BLIP¶
BLIP (Bootstrapping Language Image Pre-training) is a technique to improve the way AI models understand and process the relationship between images and textual descriptions. It has a variety of use cases in the AI field, particularly in applications that require a nuanced understanding of both visual and textual data, such as image captioning, visual question answering (VQA), and image-text matching. This document demonstrates how to build an image captioning application on top of a BLIP model with BentoML.
All the source code in this tutorial is available in the BentoBlip GitHub repository.
Prerequisites¶
Python 3.9+ and
pip
installed. See the Python downloads page to learn more.You have a basic understanding of key concepts in BentoML, such as Services. We recommend you read Quickstart first.
(Optional) We recommend you create a virtual environment for dependency isolation. See the Conda documentation or the Python documentation for details.
Install dependencies¶
Clone the project repository and install all the dependencies.
git clone https://github.com/bentoml/BentoBlip.git
cd BentoBlip
pip install -r requirements.txt
Create a BentoML Service¶
Define a BentoML Service to customize the serving logic. The example service.py
file in the project uses the BLIP model Salesforce/blip-image-captioning-large
, which is capable of generating captions for given images, optionally using additional text input for context. You can choose another model based on your need.
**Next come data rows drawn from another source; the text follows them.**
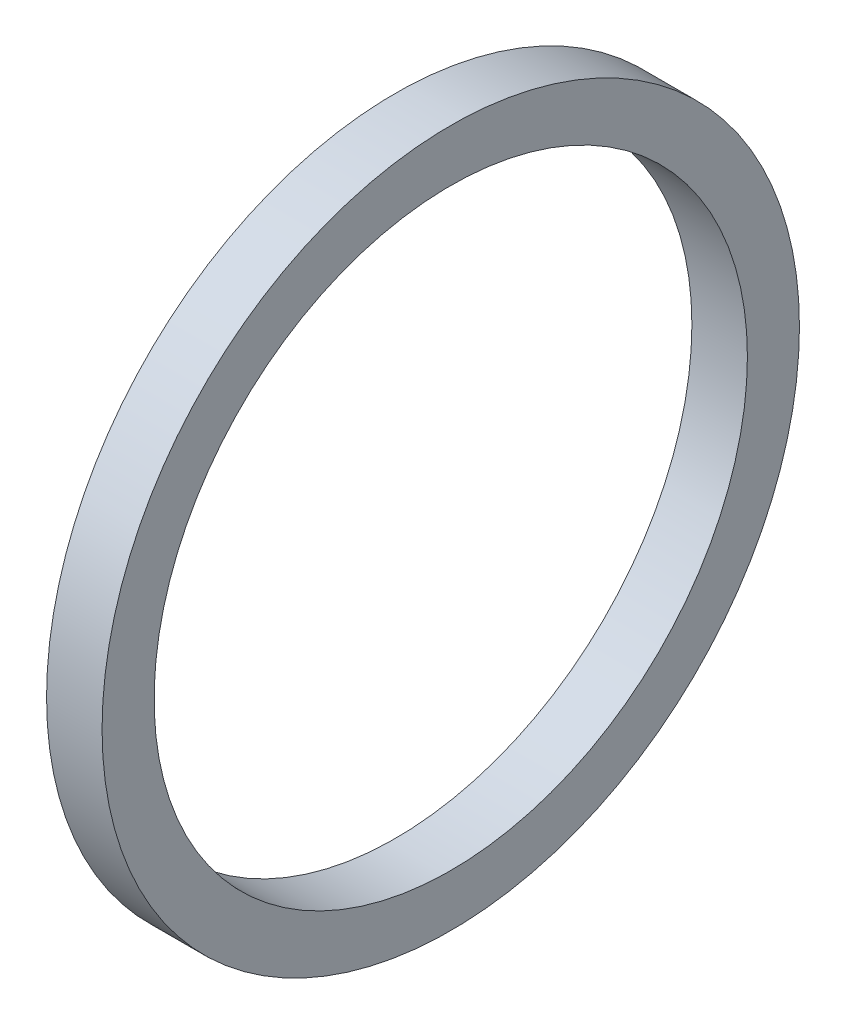
SolidWorks part; units mm, degrees
ref_plane "Front Plane" through (0, 0, 0) normal (0, 0, 1) x (1, 0, 0)
ref_plane "Top Plane" through (0, 0, 0) normal (0, 1, 0) x (1, 0, 0)
ref_plane "Right Plane" through (0, 0, 0) normal (1, 0, 0) x (0, 0, -1)
sketch "Sketch1" plane through (0, 0, 0) normal (1, 0, 0) x (0, 0, -1)
  circle A0 centre (0, 0) radius 20.1
  dimension "D1" = 40.2
extrude "Extrude-Thin1" add sketch "Sketch1" along normal blind 3.2 thin thin type one direction reverse wall 3

from __future__ import annotations
import typing as t
import bentoml
from PIL.Image import Image
MODEL_ID = "Salesforce/blip-image-captioning-large"
@bentoml.service(
resources={
"cpu" : 1,
"memory" : "4Gi"
}
)
class BlipImageCaptioning:
def __init__(self) -> None:
import torch
from transformers import BlipProcessor, BlipForConditionalGeneration
self.device = "cuda" if torch.cuda.is_available() else "cpu"
self.model = BlipForConditionalGeneration.from_pretrained(MODEL_ID).to(self.device)
self.processor = BlipProcessor.from_pretrained(MODEL_ID)
print("Model blip loaded", "device:", self.device)
@bentoml.api
async def generate(self, img: Image, txt: t.Optional[str] = None) -> str:
if txt:
inputs = self.processor(img, txt, return_tensors="pt").to(self.device)
else:
inputs = self.processor(img, return_tensors="pt").to(self.device)
out = self.model.generate(**inputs, max_new_tokens=100, min_new_tokens=20)
return self.processor.decode(out[0], skip_special_tokens=True)
Here is a breakdown of the Service code:
The
@bentoml.service
decorator defines theBlipImageCaptioning
class as a BentoML Service, specifying that it requires4Gi
of memory. You can customize the Service configurations if necessary.The Service loads the BLIP model based on
MODEL_ID
and moves the model to a GPU if available, otherwise it uses the CPU.The
generate
method is exposed as an asynchronous API endpoint. It accepts an image (img
) and an optionaltxt
parameter as inputs. If text is provided, the model generates a caption considering both the image and text context; otherwise, it generates a caption based only on the image. The generated tokens are then decoded into a human-readable caption.
Run bentoml serve
in your project directory to start the Service.
$ bentoml serve service:BlipImageCaptioning
2024-01-02T08:32:35+0000 [INFO] [cli] Starting production HTTP BentoServer from "service:BlipImageCaptioning" listening on http://localhost:3000 (Press CTRL+C to quit)
Model blip loaded device: cuda
The server is active at http://localhost:3000. You can interact with it in different ways.
curl -s -X POST \
-F txt='unicorn at sunset' \
-F 'img=@image.jpg' \
http://localhost:3000/generate
import bentoml
from pathlib import Path
with bentoml.SyncHTTPClient("http://localhost:3000") as client:
result = client.generate(
img=Path("image.jpg"),
txt="unicorn at sunset",
)
Visit http://localhost:3000, scroll down to Service APIs, and click Try it out. In the Request body box, select an image, optionally enter your prompt text and click Execute.
This is the image sent in the request. Expected output:
unicorn at sunset by a pond with a beautiful landscape in the background, with a reflection of the sun in the water
Deploy to BentoCloud¶
After the Service is ready, you can deploy the project to BentoCloud for better management and scalability. Sign up for a BentoCloud account and get $10 in free credits.
First, specify a configuration YAML file (bentofile.yaml
) to define the build options for your application. It is used for packaging your application into a Bento. Here is an example file in the project:
service: "service:BlipImageCaptioning"
labels:
owner: bentoml-team
project: gallery
include:
- "*.py"
- "demo.jpeg"
python:
requirements_txt: "./requirements.txt"
Log in to BentoCloud by running bentoml cloud login
, then run the following command to deploy the project.
bentoml deploy .
Once the Deployment is up and running on BentoCloud, you can access it via the exposed URL.
Note
For custom deployment in your own infrastructure, use BentoML to generate an OCI-compliant image.